WORK ORDER: Copy nothing but the lines below, from the one with "w/1 -> Sum1/2" through the one with "libraries: simulink x1", exactly as written; no pictures should appear.

ENTRIES SHOWN:
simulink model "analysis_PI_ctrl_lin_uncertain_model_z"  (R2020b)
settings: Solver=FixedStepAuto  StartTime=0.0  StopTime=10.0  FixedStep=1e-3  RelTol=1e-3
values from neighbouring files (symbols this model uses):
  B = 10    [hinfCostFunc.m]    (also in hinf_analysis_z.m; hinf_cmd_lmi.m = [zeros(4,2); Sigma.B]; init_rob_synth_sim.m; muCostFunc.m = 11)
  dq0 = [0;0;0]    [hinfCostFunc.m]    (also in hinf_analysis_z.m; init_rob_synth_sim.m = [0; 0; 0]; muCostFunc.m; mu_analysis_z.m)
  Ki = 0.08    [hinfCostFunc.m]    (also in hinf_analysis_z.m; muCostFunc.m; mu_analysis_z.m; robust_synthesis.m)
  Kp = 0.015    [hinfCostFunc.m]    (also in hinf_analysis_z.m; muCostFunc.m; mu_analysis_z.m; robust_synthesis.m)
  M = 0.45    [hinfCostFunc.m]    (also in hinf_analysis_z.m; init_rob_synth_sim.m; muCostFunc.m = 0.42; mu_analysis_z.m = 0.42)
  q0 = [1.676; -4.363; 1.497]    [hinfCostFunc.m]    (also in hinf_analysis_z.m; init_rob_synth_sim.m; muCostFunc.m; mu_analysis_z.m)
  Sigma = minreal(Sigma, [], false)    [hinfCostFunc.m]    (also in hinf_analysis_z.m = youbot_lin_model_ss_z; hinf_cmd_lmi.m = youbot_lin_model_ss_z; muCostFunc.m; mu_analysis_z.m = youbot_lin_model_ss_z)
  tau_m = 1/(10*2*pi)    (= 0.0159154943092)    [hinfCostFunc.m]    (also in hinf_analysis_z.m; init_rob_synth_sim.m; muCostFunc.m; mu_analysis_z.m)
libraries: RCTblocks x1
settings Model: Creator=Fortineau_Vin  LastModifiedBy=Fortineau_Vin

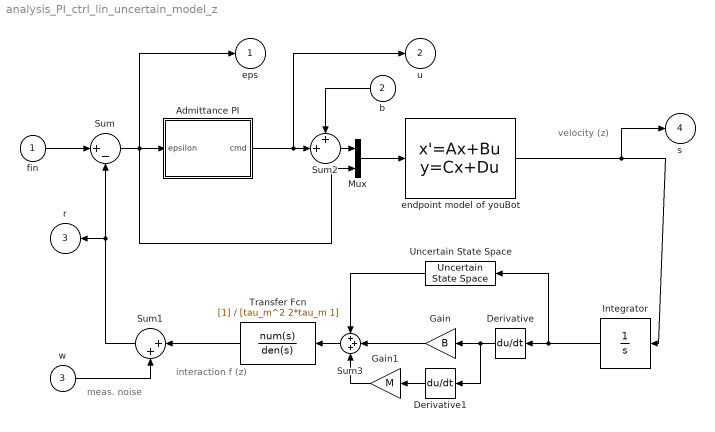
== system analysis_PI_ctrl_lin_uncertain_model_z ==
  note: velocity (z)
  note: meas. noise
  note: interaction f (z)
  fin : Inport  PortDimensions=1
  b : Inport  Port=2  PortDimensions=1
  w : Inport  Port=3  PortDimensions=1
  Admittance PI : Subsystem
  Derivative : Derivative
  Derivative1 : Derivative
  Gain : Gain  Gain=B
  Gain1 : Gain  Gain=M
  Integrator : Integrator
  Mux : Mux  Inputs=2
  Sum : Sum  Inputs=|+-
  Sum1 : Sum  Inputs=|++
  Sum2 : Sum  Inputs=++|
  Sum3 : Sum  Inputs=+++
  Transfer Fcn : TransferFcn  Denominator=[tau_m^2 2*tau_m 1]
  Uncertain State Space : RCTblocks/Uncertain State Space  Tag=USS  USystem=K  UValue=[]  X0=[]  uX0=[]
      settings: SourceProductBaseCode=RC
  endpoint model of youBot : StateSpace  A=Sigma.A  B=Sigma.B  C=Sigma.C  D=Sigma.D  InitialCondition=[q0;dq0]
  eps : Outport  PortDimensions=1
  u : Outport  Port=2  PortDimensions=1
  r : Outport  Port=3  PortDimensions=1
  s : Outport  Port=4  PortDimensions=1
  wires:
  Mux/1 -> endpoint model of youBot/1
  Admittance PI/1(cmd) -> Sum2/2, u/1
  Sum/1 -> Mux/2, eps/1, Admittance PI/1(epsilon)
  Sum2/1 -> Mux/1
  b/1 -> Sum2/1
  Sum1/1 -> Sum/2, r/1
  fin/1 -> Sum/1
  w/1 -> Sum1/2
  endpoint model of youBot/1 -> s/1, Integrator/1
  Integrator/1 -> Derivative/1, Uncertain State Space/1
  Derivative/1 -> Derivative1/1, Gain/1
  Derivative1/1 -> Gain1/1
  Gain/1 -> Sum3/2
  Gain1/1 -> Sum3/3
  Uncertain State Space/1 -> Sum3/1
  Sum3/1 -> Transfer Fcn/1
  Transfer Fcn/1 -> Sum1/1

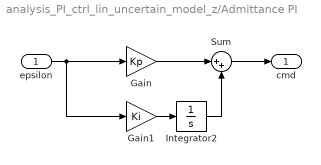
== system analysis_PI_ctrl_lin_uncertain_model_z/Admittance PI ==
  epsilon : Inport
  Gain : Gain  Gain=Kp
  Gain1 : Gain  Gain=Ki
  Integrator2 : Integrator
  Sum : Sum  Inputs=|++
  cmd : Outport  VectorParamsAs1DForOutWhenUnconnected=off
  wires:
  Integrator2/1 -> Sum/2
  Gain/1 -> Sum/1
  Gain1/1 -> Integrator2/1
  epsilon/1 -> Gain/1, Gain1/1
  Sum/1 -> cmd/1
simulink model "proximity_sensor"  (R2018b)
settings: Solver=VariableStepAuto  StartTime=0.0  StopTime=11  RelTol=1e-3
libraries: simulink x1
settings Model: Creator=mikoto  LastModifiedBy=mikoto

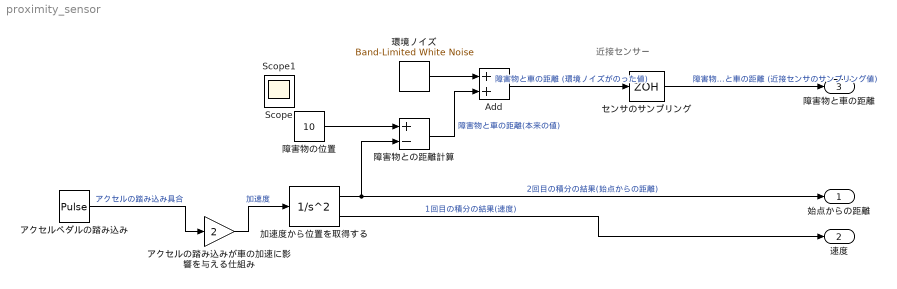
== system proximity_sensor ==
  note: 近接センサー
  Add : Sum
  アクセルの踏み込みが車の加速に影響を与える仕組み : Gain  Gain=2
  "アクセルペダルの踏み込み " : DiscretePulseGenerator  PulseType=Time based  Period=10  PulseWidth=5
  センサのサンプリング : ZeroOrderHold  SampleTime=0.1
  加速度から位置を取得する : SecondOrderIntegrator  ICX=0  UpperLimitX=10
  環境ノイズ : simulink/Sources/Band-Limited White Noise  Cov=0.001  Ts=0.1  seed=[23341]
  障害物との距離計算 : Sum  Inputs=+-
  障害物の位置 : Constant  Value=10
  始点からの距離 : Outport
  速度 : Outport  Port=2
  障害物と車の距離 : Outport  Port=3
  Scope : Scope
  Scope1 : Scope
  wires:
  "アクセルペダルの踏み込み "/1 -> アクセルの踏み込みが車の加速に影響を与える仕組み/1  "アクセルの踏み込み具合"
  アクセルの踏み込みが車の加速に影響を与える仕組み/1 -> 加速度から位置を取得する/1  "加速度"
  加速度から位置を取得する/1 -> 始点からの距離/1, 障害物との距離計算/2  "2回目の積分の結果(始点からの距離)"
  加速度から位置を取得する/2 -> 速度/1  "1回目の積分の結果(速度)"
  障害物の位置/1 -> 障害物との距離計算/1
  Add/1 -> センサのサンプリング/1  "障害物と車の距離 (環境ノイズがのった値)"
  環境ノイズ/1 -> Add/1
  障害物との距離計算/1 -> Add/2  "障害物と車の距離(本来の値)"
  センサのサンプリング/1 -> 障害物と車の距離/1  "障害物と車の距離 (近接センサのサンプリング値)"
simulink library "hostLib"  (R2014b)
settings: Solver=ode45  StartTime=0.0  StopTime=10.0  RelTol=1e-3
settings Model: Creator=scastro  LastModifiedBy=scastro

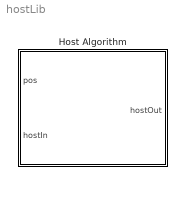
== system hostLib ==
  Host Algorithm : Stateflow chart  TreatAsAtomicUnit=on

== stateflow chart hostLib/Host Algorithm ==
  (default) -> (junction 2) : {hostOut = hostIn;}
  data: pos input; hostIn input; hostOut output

RESPONSE TO THE TASK:
  w/1 -> Sum1/2
  endpoint model of youBot/1 -> s/1, Integrator/1
  Integrator/1 -> Derivative/1, Uncertain State Space/1
  Derivative/1 -> Derivative1/1, Gain/1
  Derivative1/1 -> Gain1/1
  Gain/1 -> Sum3/2
  Gain1/1 -> Sum3/3
  Uncertain State Space/1 -> Sum3/1
  Sum3/1 -> Transfer Fcn/1
  Transfer Fcn/1 -> Sum1/1

== system analysis_PI_ctrl_lin_uncertain_model_z/Admittance PI ==
  epsilon : Inport
  Gain : Gain  Gain=Kp
  Gain1 : Gain  Gain=Ki
  Integrator2 : Integrator
  Sum : Sum  Inputs=|++
  cmd : Outport  VectorParamsAs1DForOutWhenUnconnected=off
  wires:
  Integrator2/1 -> Sum/2
  Gain/1 -> Sum/1
  Gain1/1 -> Integrator2/1
  epsilon/1 -> Gain/1, Gain1/1
  Sum/1 -> cmd/1
simulink model "proximity_sensor"  (R2018b)
settings: Solver=VariableStepAuto  StartTime=0.0  StopTime=11  RelTol=1e-3
libraries: simulink x1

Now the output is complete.